Weihnachten in Asien

Sitten, Riten und Legenden aus allen Erdteilen

Tibet: Fest des sterbenden Jahres

Natürlich feiern die buddhistischen Tibeter kein christliches Weihnachtsfest. Allerdings kennen auch die Tibeter eine Art von Geburtsfest für ihren Religionsstifter: Mitte Juni begehen sie das sogenannte "Saka Dawa" bzw. "Vesakha"-Fest, das der Geburt, Erleuchtung und dem Eintritt des Buddha Sh“kyamuni ins Parinirvana gewidmet ist.

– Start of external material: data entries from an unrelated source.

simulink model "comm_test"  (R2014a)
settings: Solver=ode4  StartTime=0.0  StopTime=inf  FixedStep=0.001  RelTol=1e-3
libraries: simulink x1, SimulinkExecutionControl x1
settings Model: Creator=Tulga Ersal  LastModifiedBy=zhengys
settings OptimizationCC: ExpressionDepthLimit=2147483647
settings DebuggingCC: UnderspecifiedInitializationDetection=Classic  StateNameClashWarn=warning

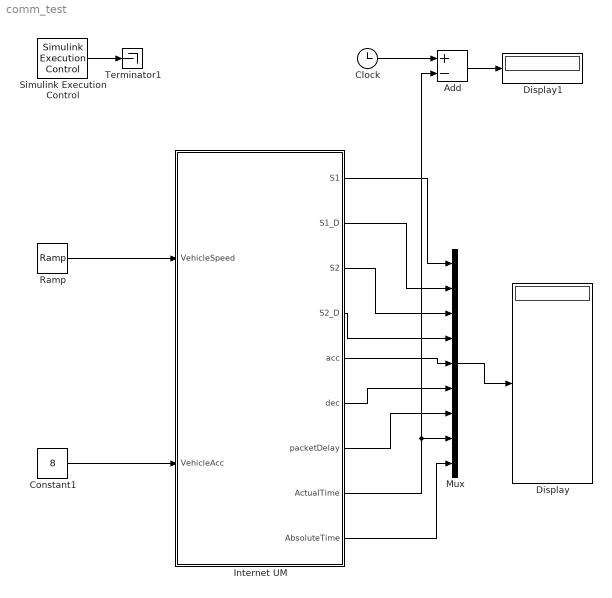
== system comm_test ==
  Add : Sum  Inputs=+-
  Clock : Clock
  Constant1 : Constant  Value=8
  Display : Display
  Display1 : Display
  Internet UM : Subsystem
  Mux : Mux  Inputs=9
  Ramp : simulink/Sources/Ramp  slope=1  start=0  X0=0
  Simulink Execution Control : SimulinkExecutionControl/Simulink Execution Control  proc_pri=REALTIME_PRIORITY_CLASS  thread_pri=THREAD_PRIORITY_TIME_CRITICAL  rt_sim=on  factor=1  ovrrun=Continue execution  Ts=4e-3
  Terminator1 : Terminator
  wires:
  Simulink Execution Control/1 -> Terminator1/1
  Mux/1 -> Display/1
  Ramp/1 -> Internet UM/1(VehicleSpeed)
  Constant1/1 -> Internet UM/2(VehicleAcc)
  Internet UM/5(acc) -> Mux/5
  Internet UM/4(S2_D) -> Mux/4
  Internet UM/6(dec) -> Mux/6
  Internet UM/3(S2) -> Mux/3
  Internet UM/7(packetDelay) -> Mux/7
  Internet UM/2(S1_D) -> Mux/2
  Internet UM/8(ActualTime) -> Add/2, Mux/8
  Internet UM/1(S1) -> Mux/1
  Internet UM/9(AbsoluteTime) -> Mux/9
  Clock/1 -> Add/1
  Add/1 -> Display1/1

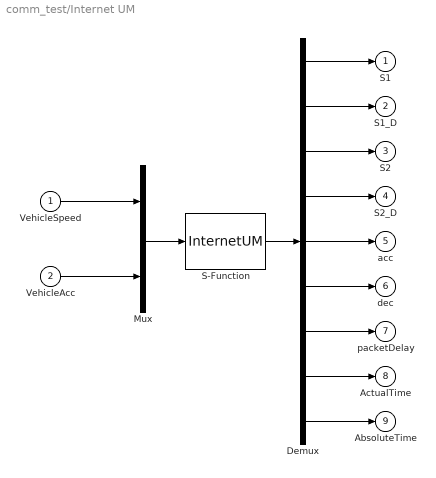
== system comm_test/Internet UM ==
  VehicleSpeed : Inport
  VehicleAcc : Inport  Port=2
  Demux : Demux  Outputs=9
  Mux : Mux  Inputs=2
  S-Function : S-Function  FunctionName=InternetUM  EnableBusSupport=off
  S1 : Outport
  S1_D : Outport  Port=2
  S2 : Outport  Port=3
  S2_D : Outport  Port=4
  acc : Outport  Port=5
  dec : Outport  Port=6
  packetDelay : Outport  Port=7
  ActualTime : Outport  Port=8
  AbsoluteTime : Outport  Port=9
  wires:
  VehicleSpeed/1 -> Mux/1
  Demux/1 -> S1/1
  Demux/2 -> S1_D/1
  Mux/1 -> S-Function/1
  S-Function/1 -> Demux/1
  VehicleAcc/1 -> Mux/2
  Demux/3 -> S2/1
  Demux/4 -> S2_D/1
  Demux/5 -> acc/1
  Demux/6 -> dec/1
  Demux/7 -> packetDelay/1
  Demux/8 -> ActualTime/1
  Demux/9 -> AbsoluteTime/1
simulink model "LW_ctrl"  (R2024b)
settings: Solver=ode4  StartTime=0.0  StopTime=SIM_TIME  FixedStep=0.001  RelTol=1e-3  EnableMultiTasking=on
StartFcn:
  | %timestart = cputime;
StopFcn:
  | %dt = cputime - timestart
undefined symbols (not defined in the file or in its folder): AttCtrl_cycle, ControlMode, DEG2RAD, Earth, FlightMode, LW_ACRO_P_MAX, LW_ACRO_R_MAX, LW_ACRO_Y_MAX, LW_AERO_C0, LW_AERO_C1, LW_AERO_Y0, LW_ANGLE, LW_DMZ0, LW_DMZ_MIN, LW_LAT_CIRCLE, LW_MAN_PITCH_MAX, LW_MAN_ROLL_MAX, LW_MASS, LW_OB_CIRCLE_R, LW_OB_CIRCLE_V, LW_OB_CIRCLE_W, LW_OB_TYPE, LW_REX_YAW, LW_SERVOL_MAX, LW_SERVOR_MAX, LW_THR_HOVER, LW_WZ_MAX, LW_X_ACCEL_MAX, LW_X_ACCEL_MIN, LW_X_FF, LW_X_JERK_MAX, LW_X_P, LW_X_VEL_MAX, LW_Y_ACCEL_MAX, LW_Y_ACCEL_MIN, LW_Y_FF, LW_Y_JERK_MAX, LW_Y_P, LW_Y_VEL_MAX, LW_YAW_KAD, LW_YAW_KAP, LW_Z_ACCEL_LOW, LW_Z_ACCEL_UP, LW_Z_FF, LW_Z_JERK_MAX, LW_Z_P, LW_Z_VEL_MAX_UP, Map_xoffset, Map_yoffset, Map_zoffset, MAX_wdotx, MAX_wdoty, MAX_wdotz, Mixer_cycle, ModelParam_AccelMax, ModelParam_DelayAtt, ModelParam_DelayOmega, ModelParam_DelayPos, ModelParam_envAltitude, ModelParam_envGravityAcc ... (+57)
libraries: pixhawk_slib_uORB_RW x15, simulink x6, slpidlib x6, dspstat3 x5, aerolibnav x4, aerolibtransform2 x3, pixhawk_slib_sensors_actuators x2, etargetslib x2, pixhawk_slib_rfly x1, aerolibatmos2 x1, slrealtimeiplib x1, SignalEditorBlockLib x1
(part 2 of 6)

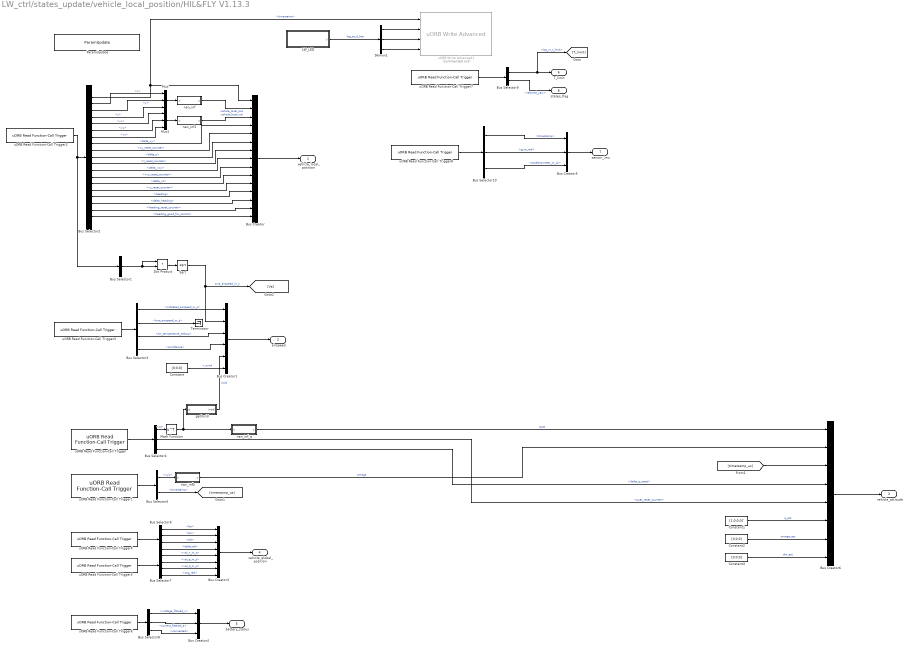
== system LW_ctrl/states_update/vehicle_local_position/HIL&FLY V1.13.3 ==
  Bus Creator : BusCreator  Inputs=15
  Bus Creator1 : BusCreator  Inputs=6
  Bus Creator3 : BusCreator  Inputs=8
  Bus Creator4 : BusCreator  Inputs=3
  Bus Creator5 : BusCreator  Inputs=3
  Bus Creator6 : BusCreator  Inputs=8
  Bus Selector1 : BusSelector  OutputSignals=vx,vy,vz  OutputAsBus=on
  Bus Selector10 : BusSelector  OutputSignals=timestamp,gyro_rad,accelerometer_m_s2
  Bus Selector2 : BusSelector  OutputSignals=timestamp,x,y,z,vx,vy,vz,delta_xy,xy_reset_counter,delta_z,z_reset_counter,delta_vxy,vxy_reset_counter,delta_vz,vz_reset_counter,heading,delta_heading,heading_reset_counter,heading_good_for_control
  Bus Selector3 : BusSelector  OutputSignals=indicated_airspeed_m_s,true_airspeed_m_s,air_temperature_celsius,confidence
  Bus Selector4 : BusSelector  OutputSignals=q,quat_reset_counter,delta_q_reset
  Bus Selector5 : BusSelector  OutputSignals=xyz,timestamp
  Bus Selector6 : BusSelector  OutputSignals=lat,lon,alt,delta_alt
  Bus Selector7 : BusSelector  OutputSignals=vel_n_m_s,vel_e_m_s,vel_d_m_s,cog_rad
  Bus Selector8 : BusSelector  OutputSignals=voltage_filtered_v,current_filtered_a,connected
  Bus Selector9 : BusSelector  OutputSignals=log_m_t_limit,relaxed_yaw
  Constant : Constant  Value=[0;0;0]  OutDataTypeStr=single
  Constant1 : Constant  Value=[1;0;0;0]'  OutDataTypeStr=single
  Constant2 : Constant  Value=[0;0;0]  OutDataTypeStr=single
  Constant3 : Constant  Value=[0;0;0]  OutDataTypeStr=single
  Demux1 : Demux  Outputs=3
  Dot Product : DotProduct  OutDataTypeStr=Inherit: Inherit via internal rule
  LW_LED : MATLAB Function  TreatAsAtomicUnit=on
  Math Function : Math  Operator=transpose
  Mux : Mux  Inputs=3
  Mux1 : Mux  Inputs=3
  ParamUpdate : pixhawk_slib_misc_utils/ParamUpdate  Description=|  Unformatted_StrSet=0  TLC_StrSet=0  NumParams=0  Ts=0
      | ParamUpdate Block
      | 
      | Use this block at your top-level of your model to insert a "parameter update" function in the generated code.
      settings: SourceProductName=Misc Utility Blocks
  Sqrt : Sqrt
  Terminator : Terminator
  getIncid : MATLAB Function  TreatAsAtomicUnit=on
  nan_inf : MATLAB Function  TreatAsAtomicUnit=on
  nan_inf0 : MATLAB Function  TreatAsAtomicUnit=on
  nan_inf1 : MATLAB Function  TreatAsAtomicUnit=on
  nan_inf_q : MATLAB Function  TreatAsAtomicUnit=on
  uORB Read Function-Call Trigger : pixhawk_slib_uORB_RW/uORB Read Function-Call Trigger  uORB_Topic_str='vehicle_attitude'  BusObjVar=Bus: vehicle_attitude_SL  uORB_Interval=0  AsyncOutput=off  Fcn_call_select=Generate Function Call Signal  TaskName='Task1'  Poll_timeout=100  Ts=-1
      settings: SourceProductName=uORB Read / Write Blocks
  uORB Read Function-Call Trigger1 : pixhawk_slib_uORB_RW/uORB Read Function-Call Trigger  uORB_Topic_str='vehicle_angular_velocity'  BusObjVar=Bus: vehicle_angular_velocity_SL  uORB_Interval=0  AsyncOutput=off  Fcn_call_select=Generate Function Call Signal  TaskName='Task1'  Poll_timeout=100  Ts=-1
      settings: SourceProductName=uORB Read / Write Blocks
  uORB Read Function-Call Trigger2 : pixhawk_slib_uORB_RW/uORB Read Function-Call Trigger  Priority=2  uORB_Topic_str='vehicle_local_position'  BusObjVar=Bus: vehicle_local_position_SL  uORB_Interval=0  AsyncOutput=off  Fcn_call_select=Generate Function Call Signal  TaskName='Task2'  Poll_timeout=20  Ts=-1
      settings: SourceProductName=uORB Read / Write Blocks
  uORB Read Function-Call Trigger3 : pixhawk_slib_uORB_RW/uORB Read Function-Call Trigger  Priority=2  uORB_Topic_str='airspeed'  BusObjVar=Bus: airspeed_SL  uORB_Interval=0  AsyncOutput=off  Fcn_call_select=Generate Function Call Signal  TaskName='Task2'  Poll_timeout=20  Ts=-1
      settings: SourceProductName=uORB Read / Write Blocks
  uORB Read Function-Call Trigger4 : pixhawk_slib_uORB_RW/uORB Read Function-Call Trigger  Priority=2  uORB_Topic_str='vehicle_global_position'  BusObjVar=Bus: vehicle_global_position_SL  uORB_Interval=0  AsyncOutput=off  Fcn_call_select=Generate Function Call Signal  TaskName='Task2'  Poll_timeout=20  Ts=-1
      settings: SourceProductName=uORB Read / Write Blocks
  uORB Read Function-Call Trigger5 : pixhawk_slib_uORB_RW/uORB Read Function-Call Trigger  Priority=2  uORB_Topic_str='vehicle_gps_position'  BusObjVar=Bus: vehicle_gps_position_SL  uORB_Interval=0  AsyncOutput=off  Fcn_call_select=Generate Function Call Signal  TaskName='Task2'  Poll_timeout=20  Ts=-1
      settings: SourceProductName=uORB Read / Write Blocks
  uORB Read Function-Call Trigger6 : pixhawk_slib_uORB_RW/uORB Read Function-Call Trigger  Priority=2  uORB_Topic_str='battery_status'  BusObjVar=Bus: battery_status_SL  uORB_Interval=0  AsyncOutput=off  Fcn_call_select=Generate Function Call Signal  TaskName='Task2'  Poll_timeout=20  Ts=-1
      settings: SourceProductName=uORB Read / Write Blocks
  uORB Read Function-Call Trigger7 : pixhawk_slib_uORB_RW/uORB Read Function-Call Trigger  Priority=2  uORB_Topic_str='costom_lw_mixer'  BusObjVar=Bus: costom_lw_mixer_SL  uORB_Interval=0  AsyncOutput=off  Fcn_call_select=Generate Function Call Signal  TaskName='Task2'  Poll_timeout=20  Ts=-1
      settings: SourceProductName=uORB Read / Write Blocks
  uORB Read Function-Call Trigger8 : pixhawk_slib_uORB_RW/uORB Read Function-Call Trigger  Priority=2  uORB_Topic_str='sensor_combined'  BusObjVar=Bus: sensor_combined_SL  uORB_Interval=0  AsyncOutput=off  Fcn_call_select=Generate Function Call Signal  TaskName='Task2'  Poll_timeout=20  Ts=-1
      settings: SourceProductName=uORB Read / Write Blocks
  uORB Write Advanced1 : pixhawk_slib_uORB_RW/uORB Write Advanced  Commented=on  Ts=0  uORB_AdvtQueue=on  uORB_FieldEnabledArr="0  0  0  1  0  0  0  0  0  0  0"  uORB_Topic_str=0  uORB_Struct_DT="[1  1  1  1  1]"  BlockInputCount=5  uORB_StructParams="[\"voltage_v\",\"voltage_filtered_v\",\"current_a\",\"current_filtered_a\",\"remaining\"]"  uORB_PortSizes="[1  1  1  1]"  MsgSizeOf=0  MW_update=true
      settings: SourceProductName=uORB Read / Write Blocks
  vehicle_local_position : Outport  VectorParamsAs1DForOutWhenUnconnected=off
  airspeed : Outport  Port=2  VectorParamsAs1DForOutWhenUnconnected=off
  vehicle_attitude : Outport  Port=3  VectorParamsAs1DForOutWhenUnconnected=off
  vehicle_global_position : Outport  Port=4  OutDataTypeStr=Bus: vehicle_global_position_bus  VectorParamsAs1DForOutWhenUnconnected=off
  battery_status : Outport  Port=5  OutDataTypeStr=Bus: battery_status_bus  VectorParamsAs1DForOutWhenUnconnected=off
  T_limit : Outport  Port=6  VectorParamsAs1DForOutWhenUnconnected=off
  sensor_imu : Outport  Port=7  VectorParamsAs1DForOutWhenUnconnected=off
  states_flag : Outport  Port=8  VectorParamsAs1DForOutWhenUnconnected=off
  wires:
  Bus Selector1/1 -> Dot Product/1, Dot Product/2
  Bus Selector2/6 -> Mux1/2  "<vy>"
  Bus Selector2/3 -> Mux/2  "<y>"
  uORB Read Function-Call Trigger2/1 -> Bus Selector1/1, Bus Selector2/1
  uORB Read Function-Call Trigger3/1 -> Bus Selector3/1
  Sqrt/1 -> Bus Creator1/2, [Va]  "true_airspeed_m_s"
  Bus Selector2/2 -> Mux/1  "<x>"
  Bus Selector8/1 -> Bus Creator4/1  "<voltage_filtered_v>"
  Bus Selector10/1 -> Bus Creator5/1  "<timestamp>"
  Bus Selector7/1 -> Bus Creator3/5  "<vel_n_m_s>"
  Dot Product/1 -> Sqrt/1
  Mux/1 -> nan_inf/1(u)
  Bus Creator5/1 -> sensor_imu/1
  Bus Selector10/3 -> Bus Creator5/3  "<accelerometer_m_s2>"
  uORB Read Function-Call Trigger6/1 -> Bus Selector8/1
  Bus Selector2/4 -> Mux/3  "<z>"
  Bus Creator/1 -> vehicle_local_position/1
  Bus Selector6/3 -> Bus Creator3/3  "<alt>"
  Bus Selector10/2 -> Bus Creator5/2  "<gyro_rad>"
  Bus Selector9/1 -> [T_limit], T_limit/1  "<log_m_t_limit>"
  Constant/1 -> Bus Creator1/6  "v_wind"
  Mux1/1 -> nan_inf1/1(u)
  nan_inf/1(y) -> Bus Creator/2  "vehicle_local_pos"
  Bus Selector7/3 -> Bus Creator3/7  "<vel_d_m_s>"
  uORB Read Function-Call Trigger5/1 -> Bus Selector7/1
  Bus Selector2/5 -> Mux1/1  "<vx>"
  uORB Read Function-Call Trigger4/1 -> Bus Selector6/1
  uORB Read Function-Call Trigger8/1 -> Bus Selector10/1
  Bus Selector6/1 -> Bus Creator3/1  "<lat>"
  Bus Selector2/7 -> Mux1/3  "<vz>"
  Bus Selector8/3 -> Bus Creator4/3  "<connected>"
  getIncid/1(incid) -> Bus Creator1/5  "incid"
  Bus Selector4/1 -> Math Function/1  "<q>"
  Bus Selector6/4 -> Bus Creator3/4  "<delta_alt>"
  nan_inf_q/1(y) -> Bus Creator6/1  "quat"
  Bus Selector7/4 -> Bus Creator3/8  "<cog_rad>"
  uORB Read Function-Call Trigger1/1 -> Bus Selector5/1
  Bus Creator1/1 -> airspeed/1
  Bus Selector3/3 -> Bus Creator1/3  "<air_temperature_celsius>"
  Bus Selector5/1 -> nan_inf0/1(u)  "<xyz>"
  Math Function/1 -> getIncid/1(q), nan_inf_q/1(u)
  Bus Selector6/2 -> Bus Creator3/2  "<lon>"
  Bus Creator3/1 -> vehicle_global_position/1
  Bus Selector7/2 -> Bus Creator3/6  "<vel_e_m_s>"
  Bus Selector9/2 -> states_flag/1  "<relaxed_yaw>"
  Bus Selector3/1 -> Bus Creator1/1  "<indicated_airspeed_m_s>"
  Bus Creator4/1 -> battery_status/1
  Bus Selector8/2 -> Bus Creator4/2  "<current_filtered_a>"
  uORB Read Function-Call Trigger/1 -> Bus Selector4/1
  nan_inf1/1(y) -> Bus Creator/3  "vehicle_local_vel"
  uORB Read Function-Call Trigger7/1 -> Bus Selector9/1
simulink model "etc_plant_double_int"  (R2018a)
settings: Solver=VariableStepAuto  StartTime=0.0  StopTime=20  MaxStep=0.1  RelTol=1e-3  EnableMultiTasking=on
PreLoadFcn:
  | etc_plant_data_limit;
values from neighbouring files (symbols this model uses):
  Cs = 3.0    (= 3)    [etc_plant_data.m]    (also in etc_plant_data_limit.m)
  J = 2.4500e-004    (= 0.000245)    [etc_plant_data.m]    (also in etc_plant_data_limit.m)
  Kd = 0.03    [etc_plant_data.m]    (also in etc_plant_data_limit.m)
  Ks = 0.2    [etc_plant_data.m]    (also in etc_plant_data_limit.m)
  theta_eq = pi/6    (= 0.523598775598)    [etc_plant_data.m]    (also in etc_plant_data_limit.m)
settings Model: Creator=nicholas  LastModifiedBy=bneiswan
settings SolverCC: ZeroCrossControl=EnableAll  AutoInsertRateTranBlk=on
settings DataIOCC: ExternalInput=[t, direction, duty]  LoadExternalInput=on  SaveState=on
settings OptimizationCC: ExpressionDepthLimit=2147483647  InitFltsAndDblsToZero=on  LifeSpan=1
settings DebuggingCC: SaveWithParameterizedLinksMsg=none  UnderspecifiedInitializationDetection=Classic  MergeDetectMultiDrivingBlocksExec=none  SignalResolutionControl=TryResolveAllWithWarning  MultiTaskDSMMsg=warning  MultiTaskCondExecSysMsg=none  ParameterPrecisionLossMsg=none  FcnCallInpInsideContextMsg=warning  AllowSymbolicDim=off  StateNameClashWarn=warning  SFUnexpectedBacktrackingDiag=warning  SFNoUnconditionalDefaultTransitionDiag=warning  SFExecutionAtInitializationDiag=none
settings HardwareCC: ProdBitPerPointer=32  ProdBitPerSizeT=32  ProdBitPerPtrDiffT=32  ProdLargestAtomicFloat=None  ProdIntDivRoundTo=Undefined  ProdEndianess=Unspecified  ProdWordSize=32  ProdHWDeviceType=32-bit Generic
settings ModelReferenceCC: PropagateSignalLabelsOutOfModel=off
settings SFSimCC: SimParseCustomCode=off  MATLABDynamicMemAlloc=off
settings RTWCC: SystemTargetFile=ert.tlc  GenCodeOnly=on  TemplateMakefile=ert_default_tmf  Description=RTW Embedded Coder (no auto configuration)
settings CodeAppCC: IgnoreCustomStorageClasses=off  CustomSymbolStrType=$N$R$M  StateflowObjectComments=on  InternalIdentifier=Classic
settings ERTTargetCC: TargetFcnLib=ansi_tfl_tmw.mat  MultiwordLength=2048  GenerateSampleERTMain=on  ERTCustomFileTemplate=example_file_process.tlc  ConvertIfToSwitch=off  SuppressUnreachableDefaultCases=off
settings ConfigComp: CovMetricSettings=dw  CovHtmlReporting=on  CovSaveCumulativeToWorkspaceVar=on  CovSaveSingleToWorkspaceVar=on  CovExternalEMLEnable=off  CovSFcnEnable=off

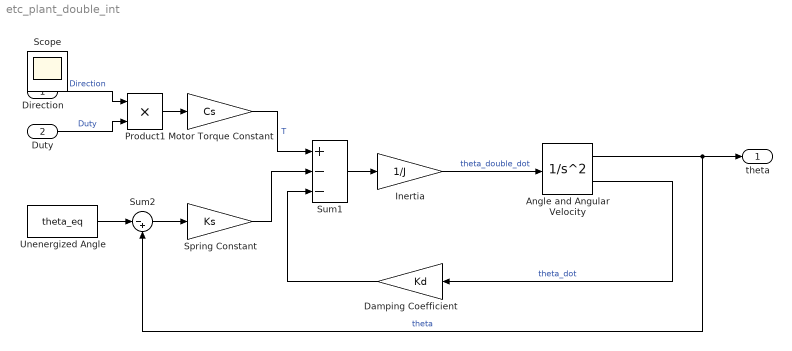
== system etc_plant_double_int ==
  Direction : Inport
  Duty : Inport  Port=2
  Angle and Angular Velocity : SecondOrderIntegrator  ICX=pi/6  LimitX=on  UpperLimitX=pi/2  LowerLimitX=0
      settings: AttributesFormatString=%<LowerLimitX> <= theta <= %<UpperLimitX>\nInitial condition: theta = %<ICX>\nInitial condition: theta_dot = %<ICDXDT>
  Damping Coefficient : Gain  Gain=Kd  SaturateOnIntegerOverflow=on  OutDataTypeStr=Inherit: Same as input  ParamDataTypeStr=Inherit: Same as input
  Inertia : Gain  Gain=1/J  SaturateOnIntegerOverflow=on  OutDataTypeStr=Inherit: Same as input  ParamDataTypeStr=Inherit: Same as input
  Motor Torque Constant : Gain  Gain=Cs  SaturateOnIntegerOverflow=on  OutDataTypeStr=Inherit: Same as input  ParamDataTypeStr=Inherit: Same as input
  Product1 : Product  SaturateOnIntegerOverflow=on  OutDataTypeStr=Inherit: Same as first input
  Spring Constant : Gain  Gain=Ks  SaturateOnIntegerOverflow=on  OutDataTypeStr=Inherit: Same as input  ParamDataTypeStr=Inherit: Same as input
  Sum1 : Sum  Inputs=+--  SaturateOnIntegerOverflow=on
  Sum2 : Sum  Inputs=|-+  SaturateOnIntegerOverflow=on
  Unenergized Angle : Constant  Value=theta_eq
  theta : Outport
  Scope : Scope
  wires:
  Product1/1 -> Motor Torque Constant/1
  Unenergized Angle/1 -> Sum2/1
  Sum2/1 -> Spring Constant/1
  Angle and Angular Velocity/1 -> theta/1, Sum2/2  "theta"
  Inertia/1 -> Angle and Angular Velocity/1  "theta_double_dot"
  Sum1/1 -> Inertia/1
  Direction/1 -> Product1/1  "Direction"
  Duty/1 -> Product1/2  "Duty"
  Motor Torque Constant/1 -> Sum1/1  "T"
  Spring Constant/1 -> Sum1/2
  Angle and Angular Velocity/2 -> Damping Coefficient/1  "theta_dot"
  Damping Coefficient/1 -> Sum1/3

In die Winterzeit fallen das "Dosmoche" - das Fest des sterbenden Jahres - und das "Losar" - das tibetische Neujahr mit dem Butterfiguren-Fest. Der Jahreswechel erfolgt nach tibetischen Kalender irgendwann im Februar. Fünf Tage zuvor beginnt das "Dosmoche" und dann wird es laut im sonst so beschaulichen Tibet. Mit viel Lärm und Tänzern mit furchteinflößenden Masken versuchen die Tibeter, die bösen Geister vom kommenden Jahr fernzuhalten. Dem gleichen Ziel dient ein langer Pfahl, der aufgestellt und mit Sternen, Kreuzen und Pentagrammen dekoriert wird. Als Höhepunkt des "Dosmoche"-Festes reiþt die Bevölkerung diesen Pfahl ab.

An diesen "heidnischen" Bräuchen zum Jahreswechsel beteiligen sich die Mönche Tibets freilich nicht. Sie haben ihr eigenes Zeremoniell - das sogenannte Butterfiguren-Fest. Um auf das neue Jahr einzustimmen, fertigen die buddhistischen Mönche Tibets kunstvolle Figuren aus Yak-Butter. Mit ihnen schildern sie religiöse Geschichten oder Fabeln. Die Butterfiguren erreichen eine stattliche Höhe von neun Metern und werden von speziellen Butterlampen ausgeleuchtet. Schmelzen können diese Kunstwerke im winterlichen Hochland des Himalaya nicht.

Das neue Jahr wird schließlich mit einer Lichterprozession willkommen geheißen. Daher stammt auch der Begriff "Losar", der soviel bedeutet wie Lichterfest.